Skema Pembiayaan: dari Bank ke PT Agrinas
Dalam aturan ini, pemerintah menunjuk Bank Pemerintah untuk memberikan pembiayaan kepada PT Agrinas Pangan Nusantara (persero) – perusahaan di bawah Badan Pengelola Investasi Daya Anagata Nusantara. PT Agrinas bertugas membangun fisik gerai, gudang, dan kelengkapan koperasi di desa/kelurahan.
Ketentuan pembiayaan tersebut meliputi:
- Limit maksimal: Rp3 miliar per unit gerai
- Bunga/margin/bagi hasil: 6% per tahun
- Jangka waktu: 72 bulan
- Masa tenggang (grace period): 6–12 bulan
Menariknya, aset yang dihasilkan dari pembangunan ini menjadi milik Pemerintah Daerah atau Pemerintah Desa, bukan milik koperasi atau bank.
Bagaimana Mekanisme Pembayaran?
Pembayaran angsuran (pokok + bunga) dilakukan melalui dua skema:
- DAU/DBH → dibayarkan setiap bulan oleh pemerintah daerah.
- Dana Desa → dibayarkan sekaligus untuk satu tahun berjalan oleh pemerintah desa.
Bank mengajukan surat permohonan penyaluran dana ke KPA BUN Pengelola (Direktorat Jenderal Perimbangan Keuangan) paling lambat tanggal 12 setiap bulan. Setelah diverifikasi, KPPN selaku KPA BUN Penyaluran akan memotong DAU/DBH atau menyalurkan Dana Desa langsung ke rekening bank.

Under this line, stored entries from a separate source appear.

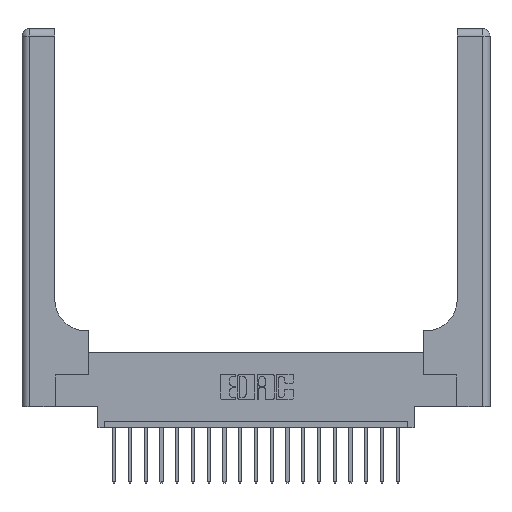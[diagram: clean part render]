
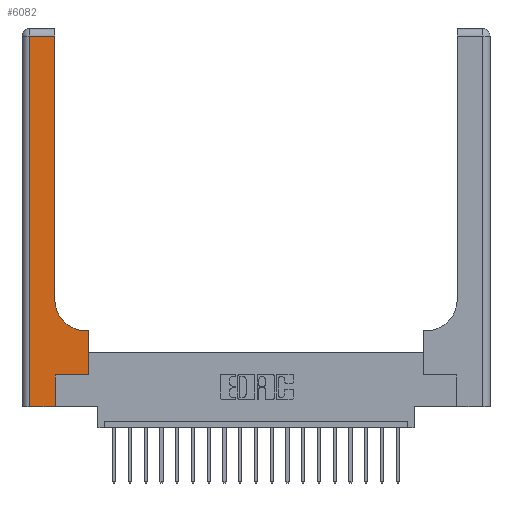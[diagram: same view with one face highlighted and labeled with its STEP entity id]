
A CAD part, top view. The second image highlights one B-rep face of the part: STEP entity #6082.
In plain terms, the highlighted planar face has unit normal (0, 0, 1).
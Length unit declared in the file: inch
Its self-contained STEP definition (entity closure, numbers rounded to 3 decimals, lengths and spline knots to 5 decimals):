
#326 = EDGE_LOOP ( 'NONE', ( #15039, #9484, #5366, #737, #7277, #6286, #5654, #3441, #13214 ) ) ;
#383 = DIRECTION ( 'NONE',  ( 1., 0., 0. ) ) ;
#737 = ORIENTED_EDGE ( 'NONE', *, *, #17093, .T. ) ;
#880 = VERTEX_POINT ( 'NONE', #5647 ) ;
#955 = DIRECTION ( 'NONE',  ( -1., 0., 0. ) ) ;
#1424 = CARTESIAN_POINT ( 'NONE',  ( 0.06, 0., 0.37 ) ) ;
#1535 = VERTEX_POINT ( 'NONE', #16702 ) ;
#2942 = VERTEX_POINT ( 'NONE', #16527 ) ;
#3150 = EDGE_CURVE ( 'NONE', #7069, #8941, #16433, .T. ) ;
#3328 = LINE ( 'NONE', #20085, #4766 ) ;
#3441 = ORIENTED_EDGE ( 'NONE', *, *, #3925, .T. ) ;
#3684 = DIRECTION ( 'NONE',  ( -1., 0., 0. ) ) ;
#3925 = EDGE_CURVE ( 'NONE', #10883, #7069, #18120, .T. ) ;
#4038 = LINE ( 'NONE', #12099, #8639 ) ;
#4359 = DIRECTION ( 'NONE',  ( 1., 0., 0. ) ) ;
#4479 = EDGE_CURVE ( 'NONE', #2942, #13662, #7614, .T. ) ;
#4766 = VECTOR ( 'NONE', #18734, 39.37008 ) ;
#4785 = AXIS2_PLACEMENT_3D ( 'NONE', #16034, #15836, #383 ) ;
#5002 = VECTOR ( 'NONE', #8825, 39.37008 ) ;
#5095 = CARTESIAN_POINT ( 'NONE',  ( 0., 3., 0.37 ) ) ;
#5366 = ORIENTED_EDGE ( 'NONE', *, *, #13880, .T. ) ;
#5647 = CARTESIAN_POINT ( 'NONE',  ( 0.06, 2.94, 0.37 ) ) ;
#5654 = ORIENTED_EDGE ( 'NONE', *, *, #9331, .T. ) ;
#5655 = VECTOR ( 'NONE', #11126, 39.37008 ) ;
#5988 = CARTESIAN_POINT ( 'NONE',  ( 0.26, 0.85, 0.37 ) ) ;
#6082 = ADVANCED_FACE ( 'NONE', ( #19502 ), #11542, .F. ) ;
#6105 = VERTEX_POINT ( 'NONE', #16266 ) ;
#6286 = ORIENTED_EDGE ( 'NONE', *, *, #4479, .T. ) ;
#6722 = CARTESIAN_POINT ( 'NONE',  ( 0.265, 0., 0.37 ) ) ;
#7069 = VERTEX_POINT ( 'NONE', #8822 ) ;
#7277 = ORIENTED_EDGE ( 'NONE', *, *, #9479, .T. ) ;
#7614 = LINE ( 'NONE', #12367, #17869 ) ;
#8109 = CARTESIAN_POINT ( 'NONE',  ( 0.528, 0.25, 0.37 ) ) ;
#8639 = VECTOR ( 'NONE', #4359, 39.37008 ) ;
#8822 = CARTESIAN_POINT ( 'NONE',  ( 0.51, 0.6, 0.37 ) ) ;
#8825 = DIRECTION ( 'NONE',  ( -1., 0., 0. ) ) ;
#8907 = EDGE_CURVE ( 'NONE', #8941, #1535, #3328, .T. ) ;
#8941 = VERTEX_POINT ( 'NONE', #5988 ) ;
#9331 = EDGE_CURVE ( 'NONE', #13662, #10883, #14665, .T. ) ;
#9479 = EDGE_CURVE ( 'NONE', #6105, #2942, #15651, .T. ) ;
#9484 = ORIENTED_EDGE ( 'NONE', *, *, #17070, .T. ) ;
#9872 = VERTEX_POINT ( 'NONE', #1424 ) ;
#10152 = AXIS2_PLACEMENT_3D ( 'NONE', #5095, #15995, #3684 ) ;
#10883 = VERTEX_POINT ( 'NONE', #19755 ) ;
#11126 = DIRECTION ( 'NONE',  ( 0., 1., 0. ) ) ;
#11542 = PLANE ( 'NONE',  #10152 ) ;
#12099 = CARTESIAN_POINT ( 'NONE',  ( 0., 0., 0.37 ) ) ;
#12367 = CARTESIAN_POINT ( 'NONE',  ( 0.265, 0.25, 0.37 ) ) ;
#12726 = CARTESIAN_POINT ( 'NONE',  ( 0.528, 0.25, 0.37 ) ) ;
#12967 = VECTOR ( 'NONE', #17499, 39.37008 ) ;
#13214 = ORIENTED_EDGE ( 'NONE', *, *, #3150, .T. ) ;
#13504 = CARTESIAN_POINT ( 'NONE',  ( 0.06, 3., 0.37 ) ) ;
#13662 = VERTEX_POINT ( 'NONE', #8109 ) ;
#13880 = EDGE_CURVE ( 'NONE', #880, #9872, #19858, .T. ) ;
#14665 = LINE ( 'NONE', #12726, #5655 ) ;
#15039 = ORIENTED_EDGE ( 'NONE', *, *, #8907, .T. ) ;
#15651 = LINE ( 'NONE', #6722, #12967 ) ;
#15728 = VECTOR ( 'NONE', #18203, 39.37008 ) ;
#15836 = DIRECTION ( 'NONE',  ( 0., 0., -1. ) ) ;
#15995 = DIRECTION ( 'NONE',  ( 0., 0., -1. ) ) ;
#16034 = CARTESIAN_POINT ( 'NONE',  ( 0.51, 0.85, 0.37 ) ) ;
#16266 = CARTESIAN_POINT ( 'NONE',  ( 0.265, 0., 0.37 ) ) ;
#16433 = CIRCLE ( 'NONE', #4785, 0.25 ) ;
#16527 = CARTESIAN_POINT ( 'NONE',  ( 0.265, 0.25, 0.37 ) ) ;
#16702 = CARTESIAN_POINT ( 'NONE',  ( 0.26, 2.94, 0.37 ) ) ;
#16824 = CARTESIAN_POINT ( 'NONE',  ( 0., 2.94, 0.37 ) ) ;
#17008 = DIRECTION ( 'NONE',  ( 1., 0., 0. ) ) ;
#17070 = EDGE_CURVE ( 'NONE', #1535, #880, #18901, .T. ) ;
#17093 = EDGE_CURVE ( 'NONE', #9872, #6105, #4038, .T. ) ;
#17390 = VECTOR ( 'NONE', #955, 39.37008 ) ;
#17499 = DIRECTION ( 'NONE',  ( 0., 1., 0. ) ) ;
#17869 = VECTOR ( 'NONE', #17008, 39.37008 ) ;
#18024 = CARTESIAN_POINT ( 'NONE',  ( 0.26, 0.6, 0.37 ) ) ;
#18120 = LINE ( 'NONE', #18024, #17390 ) ;
#18203 = DIRECTION ( 'NONE',  ( 0., -1., 0. ) ) ;
#18734 = DIRECTION ( 'NONE',  ( 0., 1., 0. ) ) ;
#18901 = LINE ( 'NONE', #16824, #5002 ) ;
#19502 = FACE_OUTER_BOUND ( 'NONE', #326, .T. ) ;
#19755 = CARTESIAN_POINT ( 'NONE',  ( 0.528, 0.6, 0.37 ) ) ;
#19858 = LINE ( 'NONE', #13504, #15728 ) ;
#20085 = CARTESIAN_POINT ( 'NONE',  ( 0.26, 3., 0.37 ) ) ;
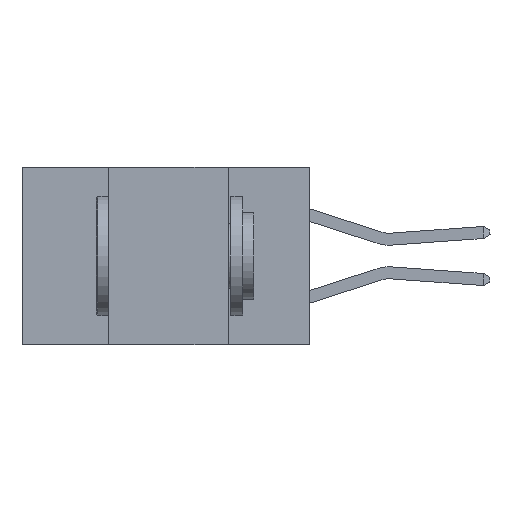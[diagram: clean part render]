
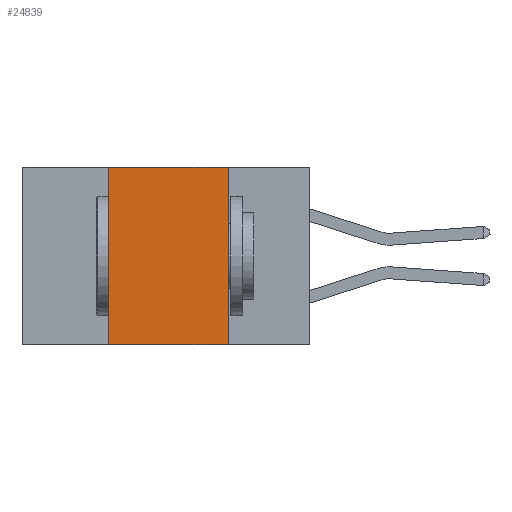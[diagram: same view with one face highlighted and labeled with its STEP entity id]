
A CAD part, left-side view. The second image highlights one B-rep face of the part: STEP entity #24839.
In plain terms, the highlighted planar face has unit normal (-1, 0, 0).
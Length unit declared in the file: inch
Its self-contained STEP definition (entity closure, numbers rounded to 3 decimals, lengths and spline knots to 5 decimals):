
#964 = EDGE_CURVE ( 'NONE', #9808, #30161, #30197, .T. ) ;
#1064 = VERTEX_POINT ( 'NONE', #23022 ) ;
#3979 = PLANE ( 'NONE',  #8805 ) ;
#4392 = VECTOR ( 'NONE', #19624, 39.37008 ) ;
#4712 = VECTOR ( 'NONE', #16809, 39.37008 ) ;
#5157 = LINE ( 'NONE', #8230, #4392 ) ;
#5661 = ORIENTED_EDGE ( 'NONE', *, *, #17370, .F. ) ;
#8230 = CARTESIAN_POINT ( 'NONE',  ( 0., 0.17, 0. ) ) ;
#8805 = AXIS2_PLACEMENT_3D ( 'NONE', #11041, #27293, #13301 ) ;
#9808 = VERTEX_POINT ( 'NONE', #13134 ) ;
#10345 = CARTESIAN_POINT ( 'NONE',  ( 0., 0.42, 0. ) ) ;
#11026 = EDGE_CURVE ( 'NONE', #1064, #30161, #5157, .T. ) ;
#11041 = CARTESIAN_POINT ( 'NONE',  ( 0., 0.6, 0. ) ) ;
#11809 = VECTOR ( 'NONE', #12991, 39.37008 ) ;
#12227 = CARTESIAN_POINT ( 'NONE',  ( 0., 0.6, 0. ) ) ;
#12361 = VECTOR ( 'NONE', #14945, 39.37008 ) ;
#12528 = ORIENTED_EDGE ( 'NONE', *, *, #964, .T. ) ;
#12991 = DIRECTION ( 'NONE',  ( 0., 0., 1. ) ) ;
#13134 = CARTESIAN_POINT ( 'NONE',  ( 0., 0.42, -0.37 ) ) ;
#13301 = DIRECTION ( 'NONE',  ( 0., 0., -1. ) ) ;
#14774 = EDGE_CURVE ( 'NONE', #9808, #22199, #24825, .T. ) ;
#14815 = CARTESIAN_POINT ( 'NONE',  ( 0., 0.6, -0.37 ) ) ;
#14945 = DIRECTION ( 'NONE',  ( 0., -1., 0. ) ) ;
#16809 = DIRECTION ( 'NONE',  ( 0., -1., 0. ) ) ;
#16990 = LINE ( 'NONE', #12227, #4712 ) ;
#17073 = CARTESIAN_POINT ( 'NONE',  ( 0., 0.17, -0.37 ) ) ;
#17370 = EDGE_CURVE ( 'NONE', #22199, #1064, #16990, .T. ) ;
#17757 = EDGE_LOOP ( 'NONE', ( #22666, #5661, #17903, #12528 ) ) ;
#17903 = ORIENTED_EDGE ( 'NONE', *, *, #14774, .F. ) ;
#19096 = FACE_OUTER_BOUND ( 'NONE', #17757, .T. ) ;
#19624 = DIRECTION ( 'NONE',  ( 0., 0., -1. ) ) ;
#22199 = VERTEX_POINT ( 'NONE', #10345 ) ;
#22666 = ORIENTED_EDGE ( 'NONE', *, *, #11026, .F. ) ;
#23022 = CARTESIAN_POINT ( 'NONE',  ( 0., 0.17, 0. ) ) ;
#24564 = CARTESIAN_POINT ( 'NONE',  ( 0., 0.42, 0. ) ) ;
#24825 = LINE ( 'NONE', #24564, #11809 ) ;
#24839 = ADVANCED_FACE ( 'NONE', ( #19096 ), #3979, .F. ) ;
#27293 = DIRECTION ( 'NONE',  ( 1., 0., 0. ) ) ;
#30161 = VERTEX_POINT ( 'NONE', #17073 ) ;
#30197 = LINE ( 'NONE', #14815, #12361 ) ;
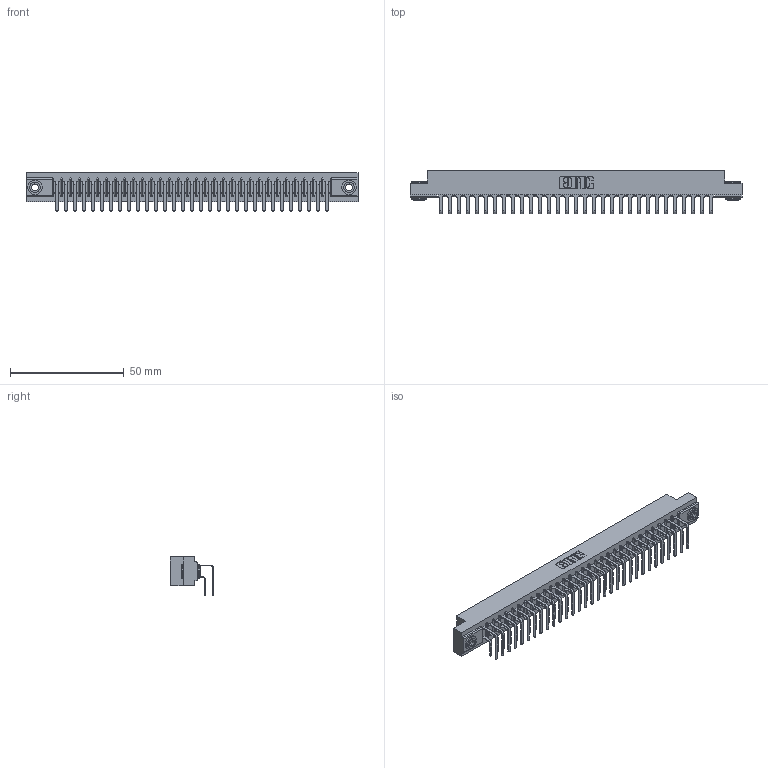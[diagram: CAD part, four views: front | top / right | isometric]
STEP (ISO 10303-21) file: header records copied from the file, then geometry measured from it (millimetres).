
FILE_DESCRIPTION (( 'STEP AP203' ), '1' );
FILE_NAME ('307-062-458-203.STEP', '2020-09-30T16:51:52', ( '' ), ( '' ), 'SwSTEP 2.0', 'SolidWorks 2020', '' );
FILE_SCHEMA (( 'CONFIG_CONTROL_DESIGN' ));
Length unit declared in the file: inch
Products named in the file (5): 307-062-458-203; 307-290-001_558 559 - 1 (Single); 345-250-002_345-250-002-102; 307 Part_.156 Dia Mounting Holes; 307-290-001_558 - 2 (Single)
Assembly tree (65 placements, depth 2):
  307-062-458-203
    307 Part_.156 Dia Mounting Holes
    307-290-001_558 559 - 1 (Single)  x31
    307-290-001_558 - 2 (Single)  x31
    345-250-002_345-250-002-102  x2
Bounding box: 145.85 x 18.96 x 16.8 mm (x, y, z)
Volume: 15707.3 mm3; surface area: 20848.5 mm2
Topology: 65 solids, 65 shells, 3302 faces, 9239 edges, 5986 vertices
Faces by surface type: plane 2140, cylinder 1090, sphere 64, cone 8
Entity records: 31436 total; most frequent: CARTESIAN_POINT 5130, ORIENTED_EDGE 5074, DIRECTION 5043, EDGE_CURVE 2537, VECTOR 1933, LINE 1933, VERTEX_POINT 1642, AXIS2_PLACEMENT_3D 1555

Prinsip dan Sistem Informasi
Penyaluran dana ini dilakukan berdasarkan prinsip transparansi, akuntabilitas, kehati-hatian, dan performance based. Seluruh proses – dari permohonan hingga pencairan – wajib menggunakan sistem informasi berbasis elektronik.
Aturan Lama Dicabut
Dengan berlakunya PMK No. 15/2026, dua peraturan sebelumnya dinyatakan tidak berlaku:
- PMK No. 49/2025 tentang Tata Cara Pinjaman Koperasi Merah Putih
- PMK No. 63/2025 tentang Penggunaan SAL untuk Dukungan Bank
Kesimpulan
PMK 15 Tahun 2026 menjadi landasan hukum bagi pemerintah daerah dan desa untuk menggunakan DAU, DBH, atau Dana Desa guna membayar cicilan pembangunan Koperasi Merah Putih. Dengan skema ini, percepatan pembangunan fisik gerai, gudang, dan perlengkapan koperasi di seluruh Indonesia diharapkan berjalan lancar, transparan, dan akuntabel.